> For clean Markdown of any page, append .md to the page URL.
> For a complete documentation index, see https://docs.nvidia.com/nemo/datadesigner/llms.txt.
> For full documentation content, see https://docs.nvidia.com/nemo/datadesigner/llms-full.txt.
> For AI client integration (Claude Code, Cursor, etc.), connect to the MCP server at https://docs.nvidia.com/nemo/datadesigner/_mcp/server.

# Push Datasets to Hugging Face Hub

You just generated 10k multilingual greetings (or some other cool dataset). Now what — email a parquet file?
Nah. Call `.push_to_hub()` and you've got a live dataset page on Hugging Face. Done and dusted 🚢.

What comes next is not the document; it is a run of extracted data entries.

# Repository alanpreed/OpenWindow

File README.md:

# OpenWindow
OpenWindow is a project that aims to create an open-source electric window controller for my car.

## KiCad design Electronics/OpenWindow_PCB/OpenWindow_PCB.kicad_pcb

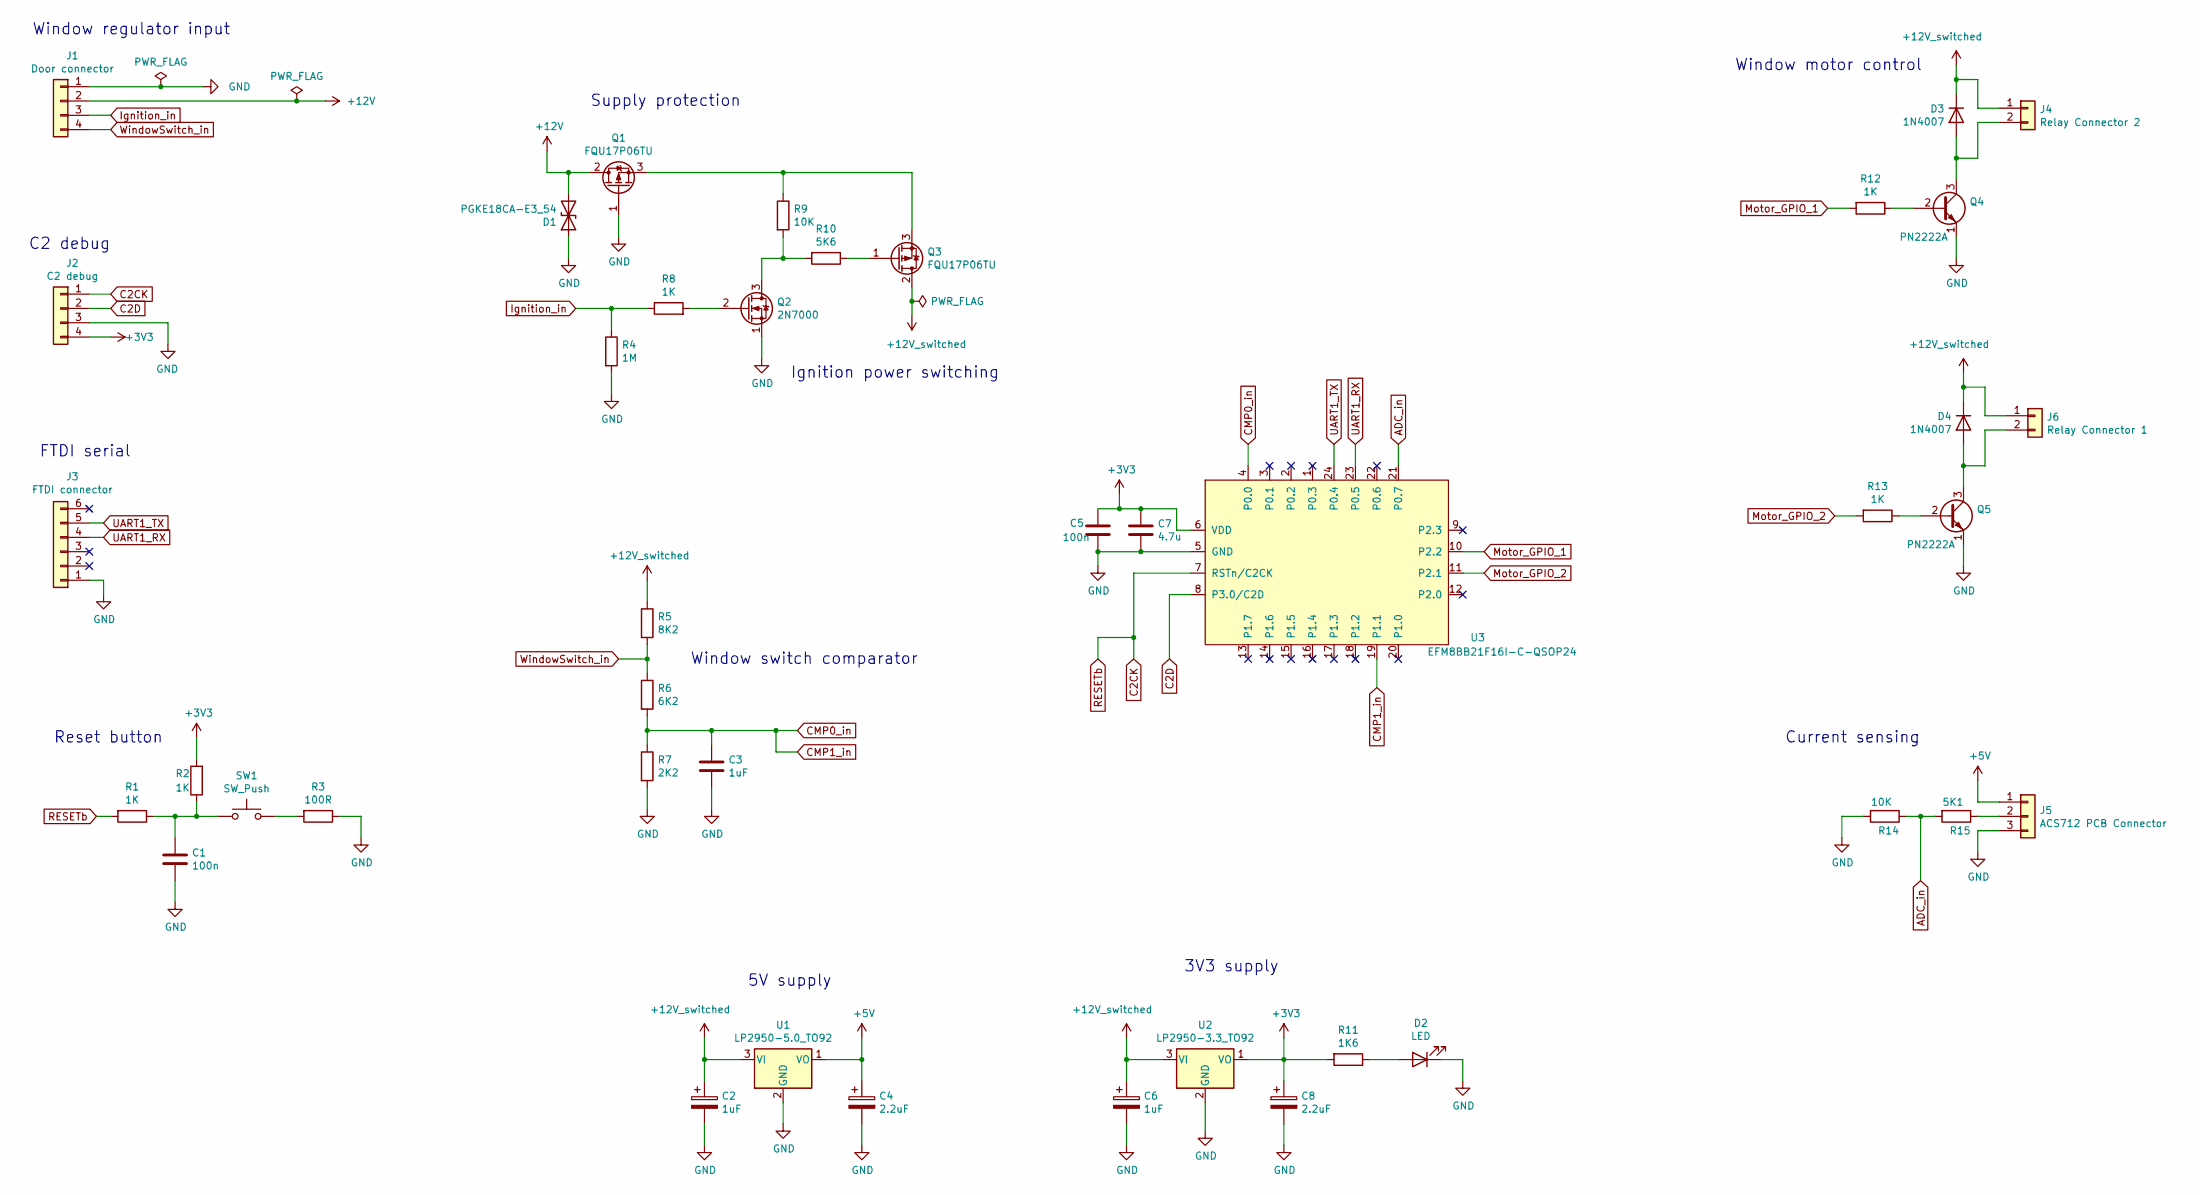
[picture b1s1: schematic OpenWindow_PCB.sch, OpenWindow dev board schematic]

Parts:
C1, C5: 100n; C_0805_2012Metric_Pad1.18x1.45mm_HandSolder
C2, C3, C6: 1uF; CP_Radial_D5.0mm_P2.00mm
C4, C8: 2.2uF; CP_Radial_D5.0mm_P2.00mm
C7: 4.7u; C_0805_2012Metric_Pad1.18x1.45mm_HandSolder
D1: PGKE18CA-E3_54; D_DO-15_P12.70mm_Horizontal
D2: LED; LED_D3.0mm
D3, D4: 1N4007; D_DO-41_SOD81_P10.16mm_Horizontal
J1: Door connector; JST_XH_B4B-XH-AM_1x04_P2.50mm_Vertical
J2: C2 debug; PinHeader_1x04_P2.54mm_Vertical
J3: FTDI connector; PinHeader_1x06_P2.54mm_Vertical
J4: Relay Connector 2; TerminalBlock_Phoenix_MKDS-3-2-5.08_1x02_P5.08mm_Horizontal
J5: ACS712 PCB Connector; JST_XH_B3B-XH-A_1x03_P2.50mm_Vertical
J6: Relay Connector 1; TerminalBlock_Phoenix_MKDS-3-2-5.08_1x02_P5.08mm_Horizontal
Q1, Q3: FQU17P06TU; TO-251-3_Vertical
Q2: 2N7000; TO-92_Inline
Q4, Q5: PN2222A; TO-92_Inline
R1, R2: 1K; R_0603_1608Metric_Pad0.98x0.95mm_HandSolder
R3: 100R; R_0603_1608Metric_Pad0.98x0.95mm_HandSolder
R4: 1M; R_Axial_DIN0411_L9.9mm_D3.6mm_P12.70mm_Horizontal
R5: 8K2; R_Axial_DIN0411_L9.9mm_D3.6mm_P12.70mm_Horizontal
R6: 6K2; R_Axial_DIN0411_L9.9mm_D3.6mm_P12.70mm_Horizontal
R7: 2K2; R_Axial_DIN0411_L9.9mm_D3.6mm_P12.70mm_Horizontal
R8, R12, R13: 1K; R_Axial_DIN0411_L9.9mm_D3.6mm_P12.70mm_Horizontal
R9, R14: 10K; R_Axial_DIN0411_L9.9mm_D3.6mm_P12.70mm_Horizontal
R10: 5K6; R_Axial_DIN0411_L9.9mm_D3.6mm_P12.70mm_Horizontal
R11: 1K6; R_Axial_DIN0411_L9.9mm_D3.6mm_P12.70mm_Horizontal
R15: 5K1; R_Axial_DIN0411_L9.9mm_D3.6mm_P12.70mm_Horizontal
SW1: SW_Push; SW_PUSH_6mm
U1: LP2950-5.0_TO92; TO-92_Inline
U2: LP2950-3.3_TO92; TO-92_Inline
U3: EFM8BB21F16I-C-QSOP24; QSOP-24_3.9x8.7mm_P0.635mm

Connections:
+3V3: C5.1, C7.1, C8.1, J2.4, R2.2, R11.2, U2.1 (VO), U3.6 (VDD)
+5V: C4.1, J5.1, U1.1 (VO)
+12V: D1.2 (A2), J1.2, Q1.2 (D)
+12V_switched: C2.1, C6.1, D3.1 (K), D4.1 (K), J4.1, J6.1, Q3.2 (D), R5.1, U1.3 (VI), U2.3 (VI)
ADC_in: R14.1, R15.2, U3.21 (P0.7)
C2CK: J2.1, R1.2, U3.7 (RSTn/C2CK)
C2D: J2.2, U3.8 (P3.0/C2D)
CMP0_in: C3.1, R6.2, R7.1, U3.4 (P0.0), U3.19 (P1.1)
GND: C1.2, C2.2, C3.2, C4.2, C5.2, C6.2, C7.2, C8.2, D1.1 (A1), D2.1 (K), J1.1, J2.3, J3.1, J5.3, Q1.1 (G), Q2.1 (S), Q4.1 (E), Q5.1 (E), R3.1, R4.2, R7.2, R14.2, U1.2 (GND), U2.2 (GND), U3.5 (GND)
Ignition_in: J1.3, R4.1, R8.1
Motor_GPIO_1: R12.2, U3.10 (P2.2)
Motor_GPIO_2: R13.2, U3.11 (P2.1)
unnamed: C1.1, R1.1, R2.1, SW1.1
unnamed: D2.2 (A), R11.1
unnamed: D3.2 (A), J4.2, Q4.3 (C)
unnamed: D4.2 (A), J6.2, Q5.3 (C)
unnamed: J5.2, R15.1
unnamed: Q1.3 (S), Q3.3 (S), R9.1
unnamed: Q2.2 (G), R8.2
unnamed: Q2.3 (D), R9.2, R10.2
unnamed: Q3.1 (G), R10.1
unnamed: Q4.2 (B), R12.1
unnamed: Q5.2 (B), R13.1
unnamed: R3.2, SW1.2
UART1_RX: J3.4, U3.23 (P0.5)
UART1_TX: J3.5, U3.24 (P0.4)
WindowSwitch_in: J1.4, R5.2, R6.1

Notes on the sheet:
Supply protection
Ignition power switching
5V supply
Window motor control
Window regulator input
FTDI serial
C2 debug
Window switch comparator
Current sensing
Reset button
3V3 supply

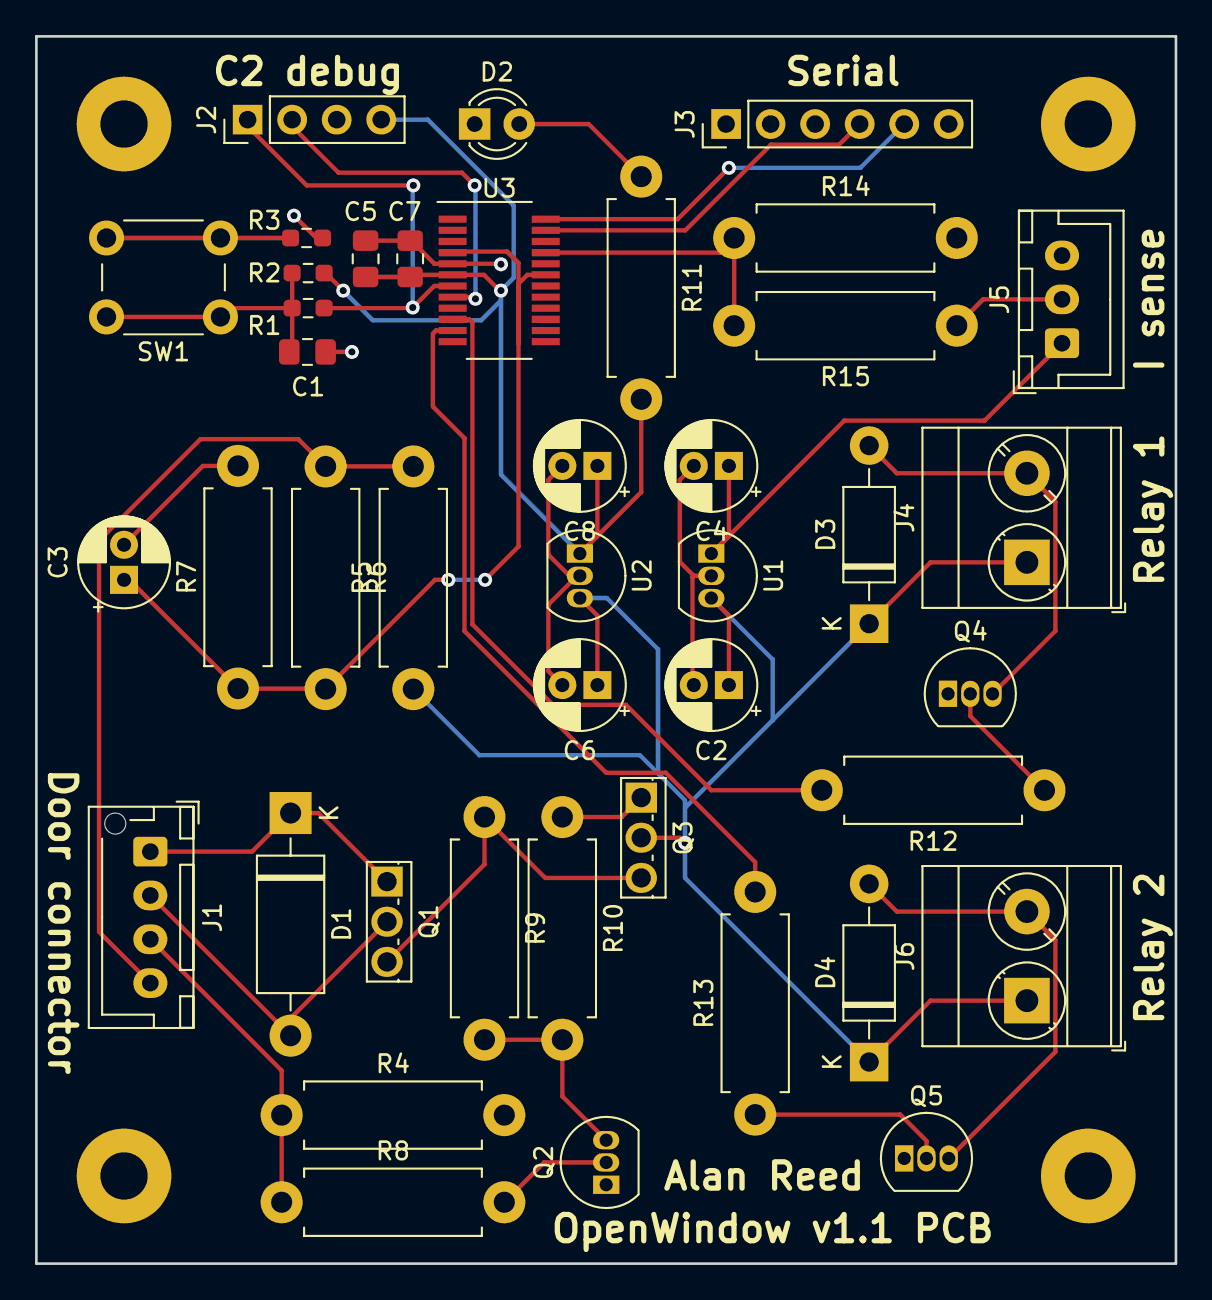
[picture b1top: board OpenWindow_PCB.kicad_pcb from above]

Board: 2 copper layers, 65.0 x 70.0 mm, 42 parts (0 on the bottom side), 27 nets.

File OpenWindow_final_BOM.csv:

Item, Quantity, Value, Footprint,URL
C2 C3 C6 ,3,1uF,Capacitor_THT:CP_Radial_D5.0mm_P2.00mm,~
C4 C8 ,2,2.2uF,Capacitor_THT:CP_Radial_D5.0mm_P2.00mm,~
C1 C5 ,2,100n,Capacitor_SMD:C_0805_2012Metric_Pad1.18x1.45mm_HandSolder,~
C7 ,1,4.7u,Capacitor_SMD:C_0805_2012Metric_Pad1.18x1.45mm_HandSolder,~
D1 ,1,PGKE18CA-E3_54,Diode_THT:D_DO-15_P12.70mm_Horizontal,http://www.farnell.com/datasheets/2049206.pdf
D2 ,1,LED,LED_THT:LED_D3.0mm,~
D3 D4 ,2,1N4007,Diode_THT:D_DO-41_SOD81_P10.16mm_Horizontal,http://www.vishay.com/docs/88503/1n4001.pdf
J1 ,1,Door connector,Connector_JST:JST_XH_B4B-XH-AM_1x04_P2.50mm_Vertical,~
J2 ,1,C2 connector,Connector_PinHeader_2.54mm:PinHeader_1x03_P2.54mm_Vertical,~
J3 ,1,FTDI connector,Connector_PinHeader_2.54mm:PinHeader_1x06_P2.54mm_Vertical,~
J4 ,1,Relay Connector 2,TerminalBlock_Phoenix:TerminalBlock_Phoenix_MKDS-3-2-5.08_1x02_P5.08mm_Horizontal,~
J5 ,1,ACS712 PCB Connector,Connector_JST:JST_XH_B3B-XH-A_1x03_P2.50mm_Vertical,~
J6 ,1,Relay Connector 1,TerminalBlock_Phoenix:TerminalBlock_Phoenix_MKDS-3-2-5.08_1x02_P5.08mm_Horizontal,~
Q2 ,1,2N7000,Package_TO_SOT_THT:TO-92_Inline,https://www.fairchildsemi.com/datasheets/2N/2N7000.pdf
Q1 Q3 ,2,FQU17P06TU,Package_TO_SOT_THT:TO-251-3_Vertical,http://www.farnell.com/datasheets/2304440.pdf
Q4 Q5 ,2,PN2222A,Package_TO_SOT_THT:TO-92_Inline,http://www.fairchildsemi.com/ds/PN/PN2222A.pdf
R1 R2 ,2,1K,Resistor_SMD:R_0603_1608Metric_Pad0.98x0.95mm_HandSolder,~
R10 ,1,5K6,Resistor_THT:R_Axial_DIN0411_L9.9mm_D3.6mm_P12.70mm_Horizontal,~
R11 ,1,1K6,Resistor_THT:R_Axial_DIN0411_L9.9mm_D3.6mm_P12.70mm_Horizontal,~
R15 ,1,5K1,Resistor_THT:R_Axial_DIN0411_L9.9mm_D3.6mm_P12.70mm_Horizontal,~
R3 ,1,100R,Resistor_SMD:R_0603_1608Metric_Pad0.98x0.95mm_HandSolder,~
R4 ,1,1M,Resistor_THT:R_Axial_DIN0411_L9.9mm_D3.6mm_P12.70mm_Horizontal,~
R5 ,1,8K2,Resistor_THT:R_Axial_DIN0411_L9.9mm_D3.6mm_P12.70mm_Horizontal,~
R6 ,1,6K2,Resistor_THT:R_Axial_DIN0411_L9.9mm_D3.6mm_P12.70mm_Horizontal,~
R7 ,1,2K2,Resistor_THT:R_Axial_DIN0411_L9.9mm_D3.6mm_P12.70mm_Horizontal,~
R8 R12 R13 ,3,1K,Resistor_THT:R_Axial_DIN0411_L9.9mm_D3.6mm_P12.70mm_Horizontal,~
R9 R14 ,2,10K,Resistor_THT:R_Axial_DIN0411_L9.9mm_D3.6mm_P12.70mm_Horizontal,~
SW1 ,1,SW_Push,Button_Switch_THT:SW_PUSH_6mm,~
U1 ,1,LP2950-5.0_TO92,Package_TO_SOT_THT:TO-92_Inline,http://www.ti.com/lit/ds/symlink/lp2951-n.pdf
U2 ,1,LP2950-3.3_TO92,Package_TO_SOT_THT:TO-92_Inline,http://www.ti.com/lit/ds/symlink/lp2950-n.pdf
U3 ,1,EFM8BB21F16I-C-QSOP24,Package_SO:QSOP-24_3.9x8.7mm_P0.635mm,
Motor relay,2,"Multicomp SPDT, 14VDC, 30A MCCMA31-DC12V-C",,
Relay socket,2,5 pin automotive relay socket,,https://www.ebay.co.uk/itm/Prewired-4-5-Pin-Automotive-Relay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
6-way terminal block,1,Minimum 20A,,https://uk.farnell.com/hylec/hyks-05712pp/terminal-block-bar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
Current measurement PCB,1,ACS712 20A current measurement PCB,,https://www.ebay.co.uk/itm/ACS712-20A-Hall-effect-isolated-A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
5 pin inline connector,1,VW 357 972 755 / 357 972 765,,https://www.aliexpress.com/item/4000075476089.html?spm=a2g0s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
2 pin inline connector,1,VW 357 972 762 / 357 972 752 ,,https://www.aliexpress.com/item/32457754886.html?spm=a2g0s.9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
JST XH  4 pin connector,1,,,
JST XH  3 pin connector,2,,,
Rubber grommet,1,3/8” x ½”,,
17mm m2.5 standoffs,4,,,https://cpc.farnell.com/ettinger/05-12-173/spacer-hex-m2-5x1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
M2.5 nuts,6,,,
M2.5 6mm bolts,4,,,
M2.5 12mm bolts,2,,,
Main PCB,1,,,
3D printed case,1,,,
3D printed lid,1,,,
3D printed current PCB clamp,1,,,
3D printed current PCB spacer,1,,,

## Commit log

2020-09-28 Created Simplicity Studio project
2020-09-29 Updated hardware configuration to enable UART1
2020-09-29 Added gitignore
2020-09-29 Updated hardware config
2020-09-29 Created basic data buffer
2020-09-29 Initial attempt at interrupt-driven UART driver
2020-09-29 Simplified so that TX interrupt is always enabled
2020-09-29 Confirgured comparator 0
2020-09-29 Configured comparator 1, updated comparator 2.
2020-09-29 Configured and tested pins for relay control
2020-10-05 Created interrupt-safe print function. Added initial ADC functionality
2020-10-05 Added comment
2020-10-06 Added linker control file to prevent interrupt function warnings
2020-10-08 Made print and buffer functions reentrant
2020-10-08 Removed reentrant functions from linker control file
2020-10-08 Created motor control
2020-10-08 Split CMP init to prevent interrupts on startup
2020-10-08 Created state machine
2020-10-09 Changed motor pins, enabled ADC timer trigger
2020-10-09 Completed ADC config and driver
2020-10-11 Created initial schematic
2020-10-13 Made state machine more tolerant of errors
2021-01-23 Minor schematic changes
2021-01-23 Set up Kicad project for PCB design
2021-01-27 Initial PCB layout
2021-03-17 Added PCB layout output files
2021-03-17 Updated build config for PCB instead of dev board
2021-03-17 Added CAD files for case and current PCB mounts
2021-03-17 Added missing description
2021-03-21 Added basic bill of materials
2021-03-21 Corrected C2 debug header

![Push to Hub Hero](https://files.buildwithfern.com/datadesigner.docs.buildwithfern.com/nemo/datadesigner/9070b79d876890118c7119216acb86ce45cc0b0f007faf5211c6b9d0ae218521/assets/push-datasets-to-hugging-face-hub/push-to-hub-hero.png)

***

Here's the full flow — build a multilingual greeting dataset with a conversation
training processor, generate it, and push it to the Hub in one go:

```python
import data_designer.config as dd
from data_designer.interface import DataDesigner

data_designer = DataDesigner()
config_builder = dd.DataDesignerConfigBuilder()

config_builder.add_column(
    dd.SamplerColumnConfig(
        name="language",
        sampler_type=dd.SamplerType.CATEGORY,
        params=dd.CategorySamplerParams(
            values=["English", "Spanish", "French", "German", "Italian"],
        ),
        drop=True,
    )
)

config_builder.add_column(
    dd.LLMTextColumnConfig(
        name="greeting",
        model_alias="nvidia-text",
        prompt="Write a casual greeting in {{ language }}.",
    )
)
config_builder.add_column(
    dd.LLMTextColumnConfig(
        name="response",
        model_alias="nvidia-text",
        prompt="Write a helpful agent response to this greeting: '{{ greeting }}'.",
    )
)

# Reshape into an OpenAI-style conversation training format
config_builder.add_processor(
    dd.SchemaTransformProcessorConfig(
        name="conversations",
        template={
            "messages": [
                {"role": "user", "content": "{{ greeting }}"},
                {"role": "assistant", "content": "{{ response }}"},
            ]
        },
    )
)

results = data_designer.create(config_builder, num_records=10_000)

# Ship it:
url = results.push_to_hub(
    "my-org/multilingual-greetings",
    "10k synthetic agent/user conversations across 5 languages.",
    tags=["greetings", "multilingual", "conversation"],
)
print(url)  # https://huggingface.co/datasets/my-org/multilingual-greetings
```

***

## Two Ways In - same outcome

**From results** (the happy path) — you just ran `.create()`, you have the
results object, call `.push_to_hub()` on it.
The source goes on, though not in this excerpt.